In the entries below, every line with the string "part" is to be reported.
(RECORDS PROVIDED Opens)
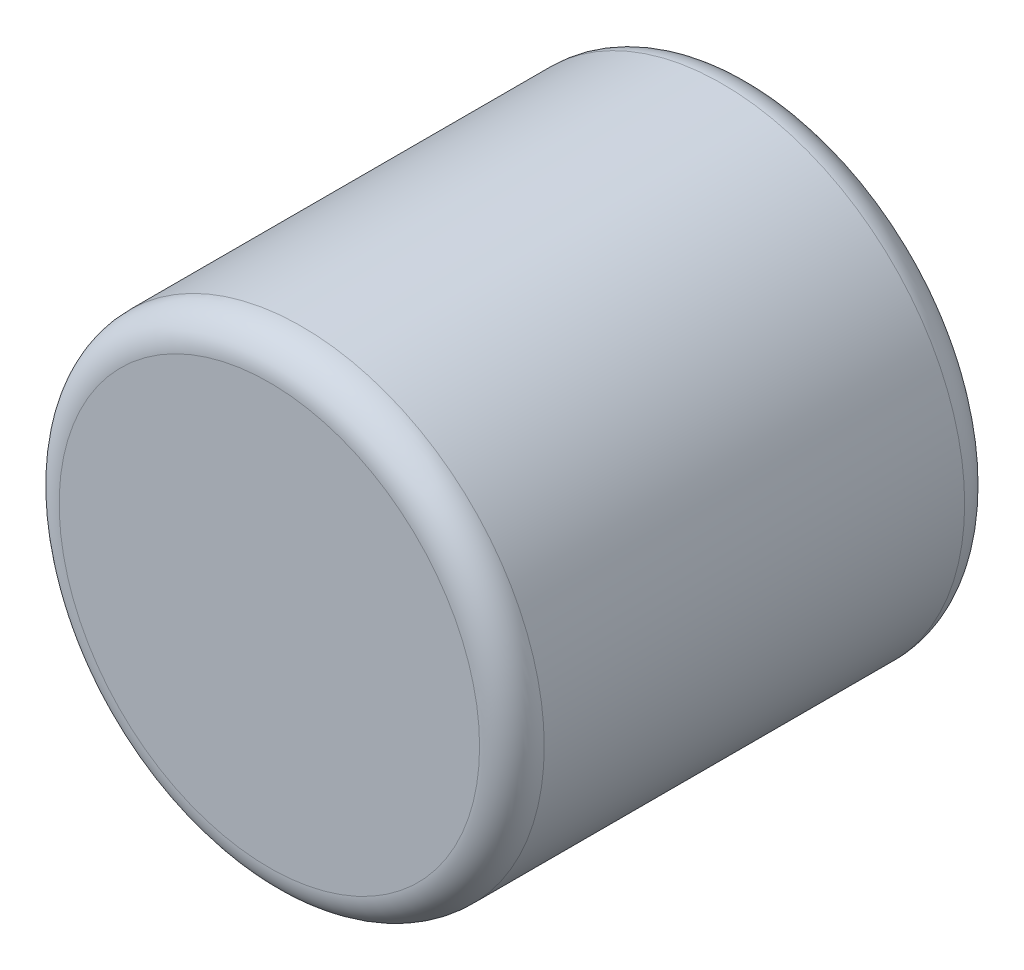
from build123d import *

# Parameters (mm, degrees)
SKETCH1_R           = 1.5
BOSS_EXTRUDE1_DEPTH = 3
FILLET1_R           = 0.2


with BuildPart() as part:
    # Sketch1 → Boss-Extrude1 (new body)
    with BuildSketch(Plane.XY):
        Circle(SKETCH1_R)
    extrude(amount=BOSS_EXTRUDE1_DEPTH)

    # Fillet1
    fillet1_edges = [part.edges().sort_by_distance(p)[0] for p in [
        (-1.5, 0, 0),
        (-1.5, 0, 3),
    ]]
    fillet(fillet1_edges, radius=FILLET1_R)


solid = part.part
(RECORDS PROVIDED Closes)
= PROBLEM SOLUTION =
with BuildPart() as part:
    fillet1_edges = [part.edges().sort_by_distance(p)[0] for p in [
solid = part.part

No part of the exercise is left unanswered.